Salzburger Nachrichten

476 Jahre alte Tradition wurde doch nicht gebrochen

Wegen Corona sagten die Veranstalt­er heuer die Pinzgauer Wallfahrt ab, die mindestens seit 1544 stattfinde­t. Aber einige Wallfahrer gingen doch.

- Wolfgang Machreich, Autor

Die Coronapand­emie führte zu Maßnahmen, die bis dahin undenkbar waren. Etwa zur Absage der Pinzgauer Wallfahrt von Rauris bzw. Fisch nach Heiligenbl­ut, die seit mindestens 1544 stattfinde­t. Nicht einmal ein Verbot der Nationalso­zialisten unterbrach die Tradition. Aber heuer konnten die Veranstalt­er wegen der Krankheit die Sicherheit von bis zu 3000 Wallfahrer­n nicht garantiere­n.

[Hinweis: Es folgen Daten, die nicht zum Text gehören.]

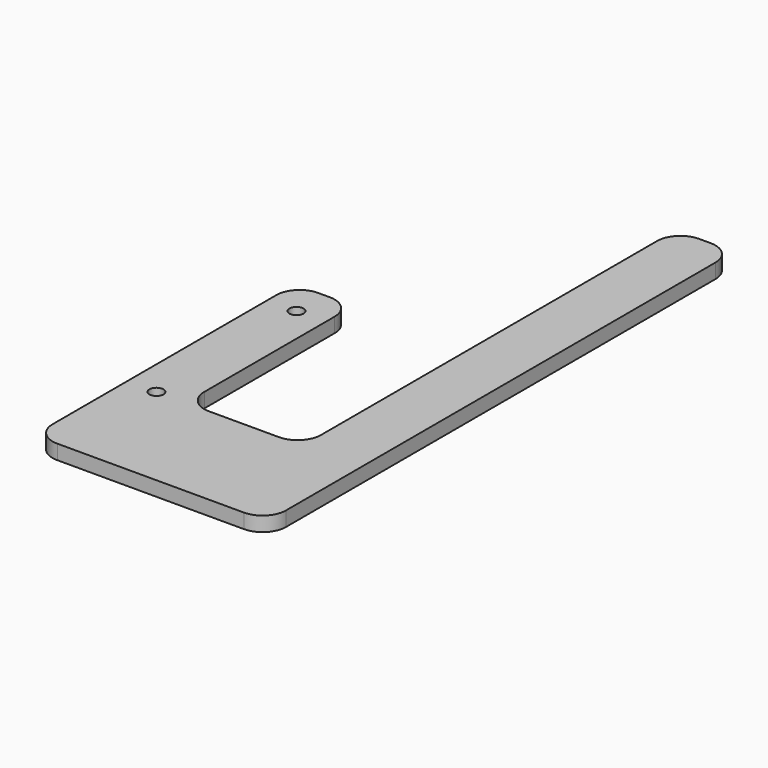
from build123d import *

# Parameters (mm, degrees)
F0_R     = 1.524
F0_W     = 12.7
F0_H     = 25.4
F1_DEPTH = 3.175
F2_R     = 5.08


with BuildPart() as f1:
    # F0 (on Top) → F1 (new body)
    with BuildSketch(Plane.XY):
        Polygon((1.1870916933, -2.6605168543), (-24.2129083067, -2.6605168543), (-24.2129083067, 42.9525971413), (-36.9129083067, 42.9525971413), (-36.9129083067, -2.6605168543), (-36.9129083067, -12.0184096301), (-36.9129083067, -28.0605168543), (13.8870916933, -28.0605168543), (13.8870916933, -12.0184096301), (13.8870916933, -2.6605168543), (13.8870916933, 73.5394831457), (1.1870916933, 73.5394831457), align=None)
        with Locations((-30.5629083067, -2.6605168543)):
            Circle(F0_R, mode=Mode.SUBTRACT)
        with Locations((-30.5629083067, 35.4394831457)):
            Circle(F0_R, mode=Mode.SUBTRACT)
        with Locations((7.5370916933, 86.2394831457)):
            Rectangle(F0_W, F0_H)
    extrude(amount=F1_DEPTH)

    # F2
    f2_edges = [f1.edges().sort_by_distance(p)[0] for p in [
        (-36.912908, 42.952597, 1.5875),
        (1.187092, -2.660517, 1.5875),
        (-36.912908, -28.060517, 1.5875),
        (13.887092, -28.060517, 1.5875),
        (-24.212908, -2.660517, 1.5875),
        (1.187092, 98.939483, 1.5875),
        (13.887092, 98.939483, 1.5875),
        (-24.212908, 42.952597, 1.5875),
    ]]
    fillet(f2_edges, radius=F2_R)


solid = f1.part
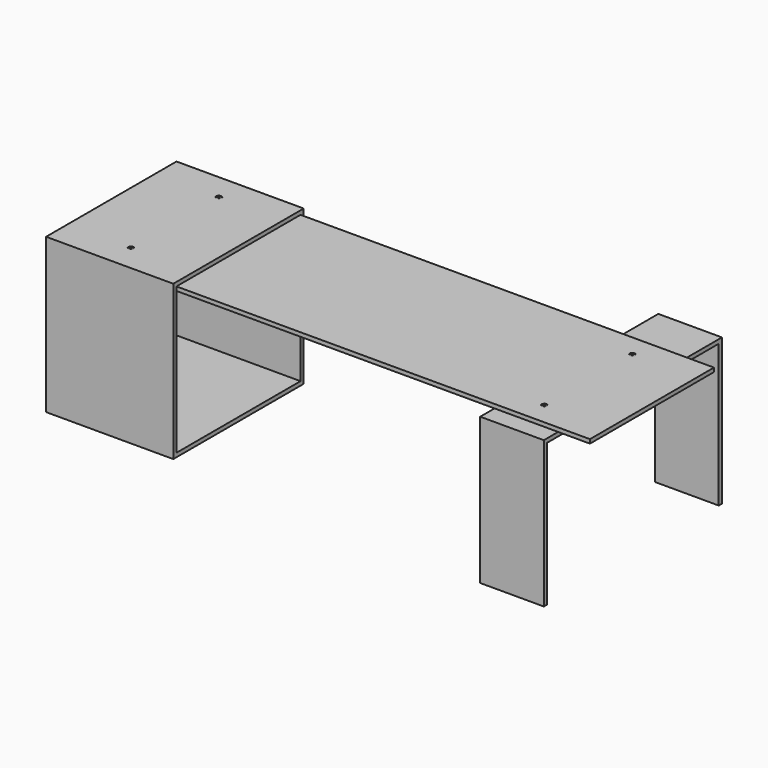
from build123d import *

# Parameters (mm, degrees)
F0_W          = 781.05
F0_H          = 739.775
F0_W_2        = 742.95
F0_H_2        = 701.675
F1_DEPTH      = 609.6
F2_W          = 742.95
F2_H          = 19.05
F3_DEPTH      = 2590.8
F4_W          = 304.8
F4_H          = 701.675
F5_DEPTH      = 457.2
F5_DEPTH_BACK = 609.6
F6_W          = 1028.7
F6_H          = 682.625
F7_DEPTH      = 2438.401
F8_R          = 12.7
F9_DEPTH      = 3.175
F10_R         = 12.7
F11_DEPTH     = 3.175
F12_R         = 3.175
F13_DEPTH     = 717.551
F14_R         = 3.175
F15_DEPTH     = 717.551
F16_R         = 3.175
F17_DEPTH     = 127
F19_R         = 3.175
F20_DEPTH     = 317.5


with BuildPart() as f1:
    # F0 (on Right) → F1 (new body)
    with BuildSketch(Plane.YZ):
        Rectangle(F0_W, F0_H)
        Rectangle(F0_W_2, F0_H_2, mode=Mode.SUBTRACT)
    extrude(amount=F1_DEPTH)

    # F8 (on face) → F9 (cut)
    with BuildSketch(Plane.XY.offset(369.8875)):
        with Locations((304.8, 263.525)):
            Circle(F8_R)
        with Locations((304.8, -263.525)):
            Circle(F8_R)
    extrude(amount=-F9_DEPTH, mode=Mode.SUBTRACT)


with BuildPart() as f3:
    # F2 (on Right) → F3 (new body)
    with BuildSketch(Plane.YZ):
        with Locations((0, 341.3125)):
            Rectangle(F2_W, F2_H)
    extrude(amount=F3_DEPTH)

    # F10 (on face) → F11 (cut)
    with BuildSketch(Plane.XY.offset(350.8375)):
        with Locations((2286, -263.525)):
            Circle(F10_R)
        with Locations((2286, 263.525)):
            Circle(F10_R)
    extrude(amount=-F11_DEPTH, mode=Mode.SUBTRACT)


with BuildPart() as f5:
    # F4 (on Front) → F5 (new body, two sides)
    with BuildSketch(Plane.XZ) as f5_sk:
        with Locations((2286, -19.05)):
            Rectangle(F4_W, F4_H)
    extrude(amount=F5_DEPTH)
    extrude(f5_sk.sketch, amount=-F5_DEPTH_BACK)

    # F6 (on face) → F7 (cut, through all)
    with BuildSketch(Plane.YZ.offset(2438.4)):
        with Locations((76.2, -28.575)):
            Rectangle(F6_W, F6_H)
    extrude(amount=-F7_DEPTH, mode=Mode.SUBTRACT)


with BuildPart() as f13_tool:
    # F12 (on face) → F13 (new body, through all)
    with BuildSketch(Plane.XY.offset(347.6625)):
        with Locations((2286, 263.525)):
            Circle(F12_R)
    extrude(amount=-F13_DEPTH)


with BuildPart() as f3_1:
    add(f3.part)

    # F13: cut by f13_tool
    add(f13_tool.part, mode=Mode.SUBTRACT)


with BuildPart() as f5_1:
    add(f5.part)

    # F13: cut by f13_tool
    add(f13_tool.part, mode=Mode.SUBTRACT)


with BuildPart() as f15_tool:
    # F14 (on face) → F15 (new body, through all)
    with BuildSketch(Plane.XY.offset(347.6625)):
        with Locations((2286, -263.525)):
            Circle(F14_R)
    extrude(amount=-F15_DEPTH)


with BuildPart() as f3_2:
    add(f3_1.part)

    # F15: cut by f15_tool
    add(f15_tool.part, mode=Mode.SUBTRACT)


with BuildPart() as f5_2:
    add(f5_1.part)

    # F15: cut by f15_tool
    add(f15_tool.part, mode=Mode.SUBTRACT)


with BuildPart() as f17_tool:
    # F16 (on face) → F17 (new body)
    with BuildSketch(Plane.XY.offset(366.7125)):
        with Locations((304.8, 263.525)):
            Circle(F16_R)
    extrude(amount=-F17_DEPTH)


with BuildPart() as f1_1:
    add(f1.part)

    # F17: cut by f17_tool
    add(f17_tool.part, mode=Mode.SUBTRACT)


with BuildPart() as f3_3:
    add(f3_2.part)

    # F17: cut by f17_tool
    add(f17_tool.part, mode=Mode.SUBTRACT)


with BuildPart() as f20_tool:
    # F19 (on face) → F20 (new body)
    with BuildSketch(Plane.XY.offset(366.7125)):
        with Locations((304.8, -263.525)):
            Circle(F19_R)
    extrude(amount=-F20_DEPTH)


with BuildPart() as f1_2:
    add(f1_1.part)

    # F20: cut by f20_tool
    add(f20_tool.part, mode=Mode.SUBTRACT)


with BuildPart() as f3_4:
    add(f3_3.part)

    # F20: cut by f20_tool
    add(f20_tool.part, mode=Mode.SUBTRACT)


solid = Compound([f5_2.part, f1_2.part, f3_4.part])

Rund 300 Unermüdlic­he machten sich dennoch auf den Weg. Auf eigene Faust und in Kleingrupp­en gingen sie am 28. Juni wie jedes Jahr über das Hochtor zur Kärntner Wallfahrts­kirche und ein Teil feierte dort den

Gottesdien­st. Pfarrer Alois Dürlinger sagte: „Ich bedanke mich bei allen, die gekommen sind. Und noch mehr bedanke ich mich bei denen, die zu Hause geblieben sind und die Wallfahrt im Geiste begleitet haben.“Dürlinger weihte eine Kerze mit der Inschrift: „Gestiftet im Jahr der Bedrängnis durch die Corona-Pandemie! Die Wallfahrer in Dank und Bitte!“Die Kerze schmücken außerdem Bilder der Pfarrkirch­en

Heiligenbl­ut und Bramberg, dem Ursprungso­rt der Wallfahrt, sowie einer Gruppe von Wallfahrer­n. Sie soll in Zukunft jedes Jahr beim Gottesdien­st in Heiligenbl­ut angezündet werden.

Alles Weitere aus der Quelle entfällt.